Well, by now I can say this, I’d like to take it toward establishing new possibilities in art. As I’ve said many times, I’ve been working in art since the ’80s, showing first in museums, then galleries, then out in the city at large. In places like department stores or on walls, in magazines and free papers. Also in cafés and bars and even in fashion. I’ve done painting and design, products and interiors, most everything – all of which I’ve called my art. Society insists on so many invisible distinct territories, whereas the world – not just me – cuts across them all multi-simultaneously, ever more fluid and borderless. The look of cities, shapes of countries, expressions of zeitgeist, they’re all mixed up, you begin to see them as one big thing. That’s where art is headed. Even as traditional crafts linger on and older forms hold their ground, finally after 30 years borderless mold-breaking expressions are coming out. Art projects can comprise spaces, people, things, time, anything and everything. On the other hand, there’s still no viable criteria for assessing art outside the big city. Auction prices for paintings are easy to follow.

Roppongi Art Night will become a powerful magnet for culture.
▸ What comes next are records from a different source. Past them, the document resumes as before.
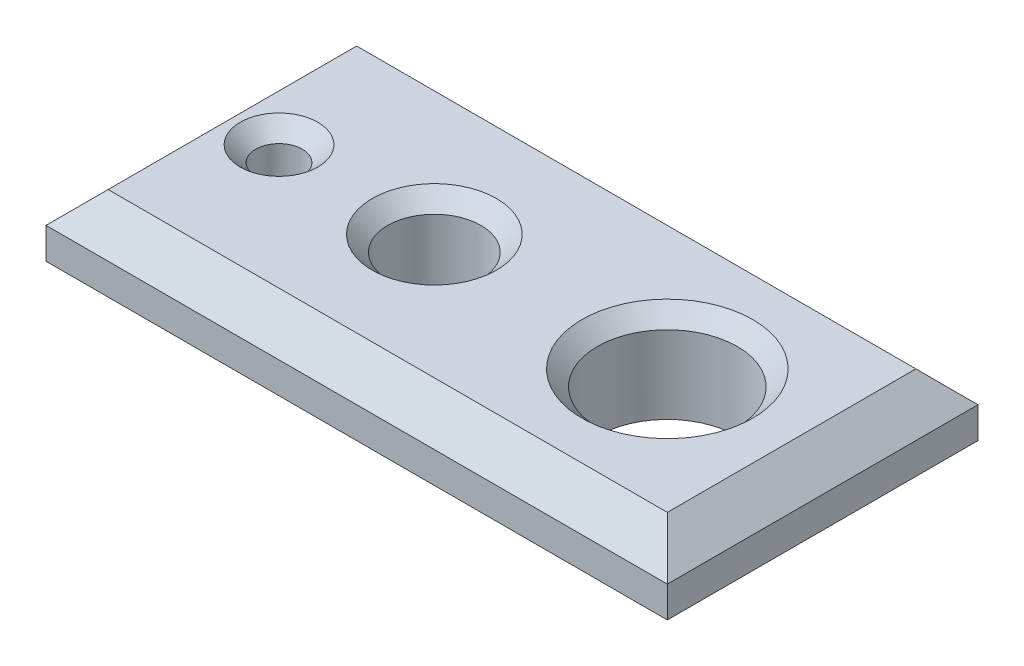
ISO-10303-21;
HEADER;
FILE_DESCRIPTION(('STEP AP214'),'2;1');
FILE_NAME('part.step','',(''),(''),'','','');
FILE_SCHEMA(('AUTOMOTIVE_DESIGN { 1 0 10303 214 1 1 1 1 }'));
ENDSEC;
DATA;
#1=APPLICATION_CONTEXT('core data for automotive mechanical design processes');
#2=APPLICATION_PROTOCOL_DEFINITION('international standard','automotive_design',2000,#1);
#3=PRODUCT_CONTEXT('',#1,'mechanical');
#4=PRODUCT('Part','Part','',(#3));
#5=PRODUCT_RELATED_PRODUCT_CATEGORY('part','',(#4));
#6=PRODUCT_DEFINITION_FORMATION('','',#4);
#7=PRODUCT_DEFINITION_CONTEXT('part definition',#1,'design');
#8=PRODUCT_DEFINITION('design','',#6,#7);
#9=PRODUCT_DEFINITION_SHAPE('','',#8);
#10=(LENGTH_UNIT() NAMED_UNIT(*) SI_UNIT(.MILLI.,.METRE.));
#11=(NAMED_UNIT(*) PLANE_ANGLE_UNIT() SI_UNIT($,.RADIAN.));
#12=(NAMED_UNIT(*) SI_UNIT($,.STERADIAN.) SOLID_ANGLE_UNIT());
#13=UNCERTAINTY_MEASURE_WITH_UNIT(LENGTH_MEASURE(1.E-05),#10,'distance_accuracy_value','');
#14=(GEOMETRIC_REPRESENTATION_CONTEXT(3) GLOBAL_UNCERTAINTY_ASSIGNED_CONTEXT((#13)) GLOBAL_UNIT_ASSIGNED_CONTEXT((#10,
#11,#12)) REPRESENTATION_CONTEXT('',''));
#15=CARTESIAN_POINT('',(0.,0.,0.));
#16=DIRECTION('',(0.,0.,1.));
#17=DIRECTION('',(1.,0.,0.));
#18=AXIS2_PLACEMENT_3D('',#15,#16,#17);
#19=CARTESIAN_POINT('',(0.,30.,0.));
#20=DIRECTION('',(1.,0.,0.));
#21=DIRECTION('',(0.,0.,-1.));
#22=AXIS2_PLACEMENT_3D('',#19,#20,#21);
#23=PLANE('',#22);
#24=DIRECTION('',(0.,-1.,0.));
#25=VECTOR('',#24,1.);
#26=CARTESIAN_POINT('',(0.,30.,-100.));
#27=LINE('',#26,#25);
#28=CARTESIAN_POINT('',(0.,20.,-100.));
#29=VERTEX_POINT('',#28);
#30=CARTESIAN_POINT('',(0.,10.,-100.));
#31=VERTEX_POINT('',#30);
#32=EDGE_CURVE('E134',#29,#31,#27,.T.);
#33=ORIENTED_EDGE('',*,*,#32,.T.);
#34=DIRECTION('',(0.,0.,1.));
#35=VECTOR('',#34,1.);
#36=CARTESIAN_POINT('',(0.,10.,0.));
#37=LINE('',#36,#35);
#38=CARTESIAN_POINT('',(0.,10.,0.));
#39=VERTEX_POINT('',#38);
#40=EDGE_CURVE('E154',#31,#39,#37,.T.);
#41=ORIENTED_EDGE('',*,*,#40,.T.);
#42=DIRECTION('',(0.,-1.,0.));
#43=VECTOR('',#42,1.);
#44=CARTESIAN_POINT('',(0.,30.,0.));
#45=LINE('',#44,#43);
#46=CARTESIAN_POINT('',(0.,20.,0.));
#47=VERTEX_POINT('',#46);
#48=EDGE_CURVE('E117',#47,#39,#45,.T.);
#49=ORIENTED_EDGE('',*,*,#48,.F.);
#50=DIRECTION('',(0.,0.,-1.));
#51=VECTOR('',#50,1.);
#52=CARTESIAN_POINT('',(0.,20.,0.));
#53=LINE('',#52,#51);
#54=EDGE_CURVE('E152',#47,#29,#53,.T.);
#55=ORIENTED_EDGE('',*,*,#54,.T.);
#56=EDGE_LOOP('',(#33,#41,#49,#55));
#57=FACE_BOUND('',#56,.T.);
#58=ADVANCED_FACE('F33',(#57),#23,.F.);
#59=CARTESIAN_POINT('',(0.,30.,0.));
#60=DIRECTION('',(0.,0.,-1.));
#61=DIRECTION('',(-1.,0.,0.));
#62=AXIS2_PLACEMENT_3D('',#59,#60,#61);
#63=PLANE('',#62);
#64=ORIENTED_EDGE('',*,*,#48,.T.);
#65=DIRECTION('',(1.,0.,0.));
#66=VECTOR('',#65,1.);
#67=CARTESIAN_POINT('',(200.,10.,0.));
#68=LINE('',#67,#66);
#69=CARTESIAN_POINT('',(200.,10.,0.));
#70=VERTEX_POINT('',#69);
#71=EDGE_CURVE('E116',#39,#70,#68,.T.);
#72=ORIENTED_EDGE('',*,*,#71,.T.);
#73=DIRECTION('',(0.,-1.,0.));
#74=VECTOR('',#73,1.);
#75=CARTESIAN_POINT('',(200.,30.,0.));
#76=LINE('',#75,#74);
#77=CARTESIAN_POINT('',(200.,20.,0.));
#78=VERTEX_POINT('',#77);
#79=EDGE_CURVE('E123',#78,#70,#76,.T.);
#80=ORIENTED_EDGE('',*,*,#79,.F.);
#81=DIRECTION('',(-1.,0.,0.));
#82=VECTOR('',#81,1.);
#83=CARTESIAN_POINT('',(0.,20.,0.));
#84=LINE('',#83,#82);
#85=EDGE_CURVE('E108',#78,#47,#84,.T.);
#86=ORIENTED_EDGE('',*,*,#85,.T.);
#87=EDGE_LOOP('',(#64,#72,#80,#86));
#88=FACE_BOUND('',#87,.T.);
#89=ADVANCED_FACE('F130',(#88),#63,.F.);
#90=CARTESIAN_POINT('',(200.,30.,0.));
#91=DIRECTION('',(-1.,0.,0.));
#92=DIRECTION('',(0.,0.,1.));
#93=AXIS2_PLACEMENT_3D('',#90,#91,#92);
#94=PLANE('',#93);
#95=ORIENTED_EDGE('',*,*,#79,.T.);
#96=DIRECTION('',(0.,0.,-1.));
#97=VECTOR('',#96,1.);
#98=CARTESIAN_POINT('',(200.,10.,-100.));
#99=LINE('',#98,#97);
#100=CARTESIAN_POINT('',(200.,10.,-100.));
#101=VERTEX_POINT('',#100);
#102=EDGE_CURVE('E126',#70,#101,#99,.T.);
#103=ORIENTED_EDGE('',*,*,#102,.T.);
#104=DIRECTION('',(0.,-1.,0.));
#105=VECTOR('',#104,1.);
#106=CARTESIAN_POINT('',(200.,30.,-100.));
#107=LINE('',#106,#105);
#108=CARTESIAN_POINT('',(200.,20.,-100.));
#109=VERTEX_POINT('',#108);
#110=EDGE_CURVE('E125',#109,#101,#107,.T.);
#111=ORIENTED_EDGE('',*,*,#110,.F.);
#112=DIRECTION('',(0.,0.,1.));
#113=VECTOR('',#112,1.);
#114=CARTESIAN_POINT('',(200.,20.,0.));
#115=LINE('',#114,#113);
#116=EDGE_CURVE('E102',#109,#78,#115,.T.);
#117=ORIENTED_EDGE('',*,*,#116,.T.);
#118=EDGE_LOOP('',(#95,#103,#111,#117));
#119=FACE_BOUND('',#118,.T.);
#120=ADVANCED_FACE('F122',(#119),#94,.F.);
#121=CARTESIAN_POINT('',(0.,30.,-100.));
#122=DIRECTION('',(0.,0.,1.));
#123=DIRECTION('',(1.,0.,0.));
#124=AXIS2_PLACEMENT_3D('',#121,#122,#123);
#125=PLANE('',#124);
#126=ORIENTED_EDGE('',*,*,#110,.T.);
#127=DIRECTION('',(-1.,0.,0.));
#128=VECTOR('',#127,1.);
#129=CARTESIAN_POINT('',(0.,10.,-100.));
#130=LINE('',#129,#128);
#131=EDGE_CURVE('E150',#101,#31,#130,.T.);
#132=ORIENTED_EDGE('',*,*,#131,.T.);
#133=ORIENTED_EDGE('',*,*,#32,.F.);
#134=DIRECTION('',(1.,0.,0.));
#135=VECTOR('',#134,1.);
#136=CARTESIAN_POINT('',(0.,20.,-100.));
#137=LINE('',#136,#135);
#138=EDGE_CURVE('E148',#29,#109,#137,.T.);
#139=ORIENTED_EDGE('',*,*,#138,.T.);
#140=EDGE_LOOP('',(#126,#132,#133,#139));
#141=FACE_BOUND('',#140,.T.);
#142=ADVANCED_FACE('F252',(#141),#125,.F.);
#143=CARTESIAN_POINT('',(0.,30.,0.));
#144=DIRECTION('',(0.,-1.,0.));
#145=DIRECTION('',(0.,0.,-1.));
#146=AXIS2_PLACEMENT_3D('',#143,#144,#145);
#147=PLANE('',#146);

There are trade shows and competitions for art commerce. Financially based appraisals. But there arestill no standards for art projects. Of course, they’re not commodities for sale. And with where we are today, I think that’s the way everyone wants them to be. After the quake, everything got shaken up, right? But no one wanted anything monetary. People in these times can’t seem to live without both the paid and the unpaid. This generation no longer wants to do paid work all of their time. Not so long ago, they might have wanted to work hard, then spend their money in their free time after five, but those aren’t the values any more. Kids who now want to make good use of their time finding their own values by coming together on art projects aren’t seeking monetary reward. They’re eager to find what matters to themselves. It’s difficult, but it can’t be quantified. Unpaid, but recompensed somewhere. Otherwise, they’d never be recognized by the powers that be in adult society. If Art Night styles itself as a solid platform that approves of all sorts of projects, not just artist exhibitions, this will become a powerful antenna for broadcasting culture. One-nightonly keeps it real and easy to research. Visitor numbers can be quantified, though we’ll need to come up with other numbers as well. Without that, it’ll just end having been a fun night out in an extraordinary setting.